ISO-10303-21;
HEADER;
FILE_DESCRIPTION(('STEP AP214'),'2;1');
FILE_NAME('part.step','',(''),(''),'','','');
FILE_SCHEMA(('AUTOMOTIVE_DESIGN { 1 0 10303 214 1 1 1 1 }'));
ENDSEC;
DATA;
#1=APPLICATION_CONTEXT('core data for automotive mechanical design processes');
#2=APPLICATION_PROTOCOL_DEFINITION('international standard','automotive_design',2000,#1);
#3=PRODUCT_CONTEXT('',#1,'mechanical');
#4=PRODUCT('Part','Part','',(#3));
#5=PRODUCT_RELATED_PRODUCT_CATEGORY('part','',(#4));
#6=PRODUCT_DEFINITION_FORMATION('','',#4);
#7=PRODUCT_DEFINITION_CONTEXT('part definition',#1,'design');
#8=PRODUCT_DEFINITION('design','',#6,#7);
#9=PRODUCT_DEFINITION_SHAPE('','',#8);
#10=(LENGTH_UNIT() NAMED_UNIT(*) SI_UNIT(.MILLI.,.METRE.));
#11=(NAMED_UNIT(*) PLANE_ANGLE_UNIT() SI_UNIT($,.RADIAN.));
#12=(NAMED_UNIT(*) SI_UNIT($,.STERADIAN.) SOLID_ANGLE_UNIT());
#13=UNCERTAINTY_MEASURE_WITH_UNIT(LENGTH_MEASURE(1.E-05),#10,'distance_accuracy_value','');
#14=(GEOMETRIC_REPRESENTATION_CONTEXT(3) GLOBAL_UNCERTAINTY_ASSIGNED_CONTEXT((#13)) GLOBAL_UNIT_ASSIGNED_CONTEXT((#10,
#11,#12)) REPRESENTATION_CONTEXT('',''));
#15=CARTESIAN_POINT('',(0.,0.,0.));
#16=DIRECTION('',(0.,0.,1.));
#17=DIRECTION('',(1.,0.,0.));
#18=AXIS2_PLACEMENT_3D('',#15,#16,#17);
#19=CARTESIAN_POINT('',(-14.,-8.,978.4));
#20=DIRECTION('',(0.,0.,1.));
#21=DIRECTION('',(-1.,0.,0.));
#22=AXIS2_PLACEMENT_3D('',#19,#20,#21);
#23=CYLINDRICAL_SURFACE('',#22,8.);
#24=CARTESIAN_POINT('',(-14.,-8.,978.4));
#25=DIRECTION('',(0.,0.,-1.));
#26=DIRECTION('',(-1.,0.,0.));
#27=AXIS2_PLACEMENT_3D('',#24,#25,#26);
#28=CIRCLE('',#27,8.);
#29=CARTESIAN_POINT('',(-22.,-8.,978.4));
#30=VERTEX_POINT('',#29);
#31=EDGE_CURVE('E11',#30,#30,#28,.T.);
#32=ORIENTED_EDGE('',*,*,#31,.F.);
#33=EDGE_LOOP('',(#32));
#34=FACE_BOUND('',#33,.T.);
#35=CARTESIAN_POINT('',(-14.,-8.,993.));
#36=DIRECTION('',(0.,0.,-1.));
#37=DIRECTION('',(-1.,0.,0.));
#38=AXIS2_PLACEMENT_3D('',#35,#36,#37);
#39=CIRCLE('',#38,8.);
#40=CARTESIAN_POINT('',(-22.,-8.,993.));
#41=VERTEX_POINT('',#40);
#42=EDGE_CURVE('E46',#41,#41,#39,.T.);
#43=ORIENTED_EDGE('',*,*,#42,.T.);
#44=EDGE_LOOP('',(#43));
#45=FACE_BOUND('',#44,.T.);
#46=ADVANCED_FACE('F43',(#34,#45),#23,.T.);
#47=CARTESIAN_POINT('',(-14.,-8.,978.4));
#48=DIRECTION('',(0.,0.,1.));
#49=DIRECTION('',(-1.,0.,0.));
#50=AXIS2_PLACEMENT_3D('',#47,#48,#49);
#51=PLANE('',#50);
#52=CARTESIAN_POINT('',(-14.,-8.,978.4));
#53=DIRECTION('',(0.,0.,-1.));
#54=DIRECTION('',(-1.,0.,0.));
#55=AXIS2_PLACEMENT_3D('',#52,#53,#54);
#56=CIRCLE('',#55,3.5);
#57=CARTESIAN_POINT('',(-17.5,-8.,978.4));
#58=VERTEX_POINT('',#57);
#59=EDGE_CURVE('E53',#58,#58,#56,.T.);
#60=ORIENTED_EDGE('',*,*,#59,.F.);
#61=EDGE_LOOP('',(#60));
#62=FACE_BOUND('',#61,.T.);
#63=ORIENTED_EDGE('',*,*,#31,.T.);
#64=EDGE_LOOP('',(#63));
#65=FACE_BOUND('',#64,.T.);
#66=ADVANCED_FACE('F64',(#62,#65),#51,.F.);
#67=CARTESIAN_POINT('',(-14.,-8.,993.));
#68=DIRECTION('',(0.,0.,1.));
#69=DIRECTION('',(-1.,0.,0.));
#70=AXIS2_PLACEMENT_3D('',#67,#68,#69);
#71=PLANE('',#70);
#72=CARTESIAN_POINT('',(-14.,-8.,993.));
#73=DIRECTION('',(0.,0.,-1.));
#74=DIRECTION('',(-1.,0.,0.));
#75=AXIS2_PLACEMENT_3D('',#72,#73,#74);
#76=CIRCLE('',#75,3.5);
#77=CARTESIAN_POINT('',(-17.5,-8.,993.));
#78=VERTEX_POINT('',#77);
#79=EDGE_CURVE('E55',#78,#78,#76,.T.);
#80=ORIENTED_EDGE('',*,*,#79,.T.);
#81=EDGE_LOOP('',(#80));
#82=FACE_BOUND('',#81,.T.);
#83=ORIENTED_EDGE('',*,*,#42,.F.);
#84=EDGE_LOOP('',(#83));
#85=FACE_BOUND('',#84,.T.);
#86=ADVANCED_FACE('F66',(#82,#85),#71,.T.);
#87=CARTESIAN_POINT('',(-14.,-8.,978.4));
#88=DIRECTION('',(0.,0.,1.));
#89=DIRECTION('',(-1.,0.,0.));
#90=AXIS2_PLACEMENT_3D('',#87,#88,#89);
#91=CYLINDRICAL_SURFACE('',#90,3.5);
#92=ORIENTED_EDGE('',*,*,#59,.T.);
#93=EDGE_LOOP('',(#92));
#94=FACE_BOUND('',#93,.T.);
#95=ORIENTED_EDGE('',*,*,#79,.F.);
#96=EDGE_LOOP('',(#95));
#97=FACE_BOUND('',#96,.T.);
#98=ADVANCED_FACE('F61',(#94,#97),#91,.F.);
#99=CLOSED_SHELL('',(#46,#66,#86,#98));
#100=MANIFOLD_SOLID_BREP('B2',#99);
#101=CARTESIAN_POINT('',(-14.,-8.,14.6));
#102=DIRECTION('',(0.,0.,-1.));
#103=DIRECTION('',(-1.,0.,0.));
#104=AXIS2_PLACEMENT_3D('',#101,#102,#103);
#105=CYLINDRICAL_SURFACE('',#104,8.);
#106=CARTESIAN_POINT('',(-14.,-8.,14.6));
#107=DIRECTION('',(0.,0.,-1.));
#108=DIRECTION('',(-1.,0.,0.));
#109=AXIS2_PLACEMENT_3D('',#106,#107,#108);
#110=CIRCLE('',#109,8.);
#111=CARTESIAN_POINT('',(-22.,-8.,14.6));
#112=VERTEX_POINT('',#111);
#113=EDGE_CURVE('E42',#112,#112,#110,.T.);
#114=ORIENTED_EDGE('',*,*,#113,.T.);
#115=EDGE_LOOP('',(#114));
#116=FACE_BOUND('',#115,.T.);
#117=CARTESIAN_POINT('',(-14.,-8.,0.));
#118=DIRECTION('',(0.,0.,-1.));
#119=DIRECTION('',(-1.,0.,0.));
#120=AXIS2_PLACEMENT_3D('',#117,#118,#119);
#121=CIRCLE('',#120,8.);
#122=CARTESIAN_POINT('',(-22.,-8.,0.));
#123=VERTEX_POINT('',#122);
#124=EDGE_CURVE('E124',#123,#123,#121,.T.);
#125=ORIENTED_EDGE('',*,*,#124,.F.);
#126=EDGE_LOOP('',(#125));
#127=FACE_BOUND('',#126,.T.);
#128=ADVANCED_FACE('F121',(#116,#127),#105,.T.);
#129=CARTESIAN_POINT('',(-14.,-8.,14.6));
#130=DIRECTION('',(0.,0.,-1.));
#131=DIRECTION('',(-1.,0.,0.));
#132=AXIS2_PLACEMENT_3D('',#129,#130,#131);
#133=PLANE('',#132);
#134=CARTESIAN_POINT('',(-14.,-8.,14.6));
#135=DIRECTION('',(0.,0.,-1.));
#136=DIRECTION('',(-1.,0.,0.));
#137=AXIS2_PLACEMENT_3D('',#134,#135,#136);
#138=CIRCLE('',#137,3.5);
+ + + +
> How to complete this task: What is wanted is an exact repetition of the lines from the one with "#89=DIRECTION('',(-1.,0.,0.));" through the last line of the material above, both ends included.

> Exercise result:
#89=DIRECTION('',(-1.,0.,0.));
#90=AXIS2_PLACEMENT_3D('',#87,#88,#89);
#91=CYLINDRICAL_SURFACE('',#90,3.5);
#92=ORIENTED_EDGE('',*,*,#59,.T.);
#93=EDGE_LOOP('',(#92));
#94=FACE_BOUND('',#93,.T.);
#95=ORIENTED_EDGE('',*,*,#79,.F.);
#96=EDGE_LOOP('',(#95));
#97=FACE_BOUND('',#96,.T.);
#98=ADVANCED_FACE('F61',(#94,#97),#91,.F.);
#99=CLOSED_SHELL('',(#46,#66,#86,#98));
#100=MANIFOLD_SOLID_BREP('B2',#99);
#101=CARTESIAN_POINT('',(-14.,-8.,14.6));
#102=DIRECTION('',(0.,0.,-1.));
#103=DIRECTION('',(-1.,0.,0.));
#104=AXIS2_PLACEMENT_3D('',#101,#102,#103);
#105=CYLINDRICAL_SURFACE('',#104,8.);
#106=CARTESIAN_POINT('',(-14.,-8.,14.6));
#107=DIRECTION('',(0.,0.,-1.));
#108=DIRECTION('',(-1.,0.,0.));
#109=AXIS2_PLACEMENT_3D('',#106,#107,#108);
#110=CIRCLE('',#109,8.);
#111=CARTESIAN_POINT('',(-22.,-8.,14.6));
#112=VERTEX_POINT('',#111);
#113=EDGE_CURVE('E42',#112,#112,#110,.T.);
#114=ORIENTED_EDGE('',*,*,#113,.T.);
#115=EDGE_LOOP('',(#114));
#116=FACE_BOUND('',#115,.T.);
#117=CARTESIAN_POINT('',(-14.,-8.,0.));
#118=DIRECTION('',(0.,0.,-1.));
#119=DIRECTION('',(-1.,0.,0.));
#120=AXIS2_PLACEMENT_3D('',#117,#118,#119);
#121=CIRCLE('',#120,8.);
#122=CARTESIAN_POINT('',(-22.,-8.,0.));
#123=VERTEX_POINT('',#122);
#124=EDGE_CURVE('E124',#123,#123,#121,.T.);
#125=ORIENTED_EDGE('',*,*,#124,.F.);
#126=EDGE_LOOP('',(#125));
#127=FACE_BOUND('',#126,.T.);
#128=ADVANCED_FACE('F121',(#116,#127),#105,.T.);
#129=CARTESIAN_POINT('',(-14.,-8.,14.6));
#130=DIRECTION('',(0.,0.,-1.));
#131=DIRECTION('',(-1.,0.,0.));
#132=AXIS2_PLACEMENT_3D('',#129,#130,#131);
#133=PLANE('',#132);
#134=CARTESIAN_POINT('',(-14.,-8.,14.6));
#135=DIRECTION('',(0.,0.,-1.));
#136=DIRECTION('',(-1.,0.,0.));
#137=AXIS2_PLACEMENT_3D('',#134,#135,#136);
#138=CIRCLE('',#137,3.5);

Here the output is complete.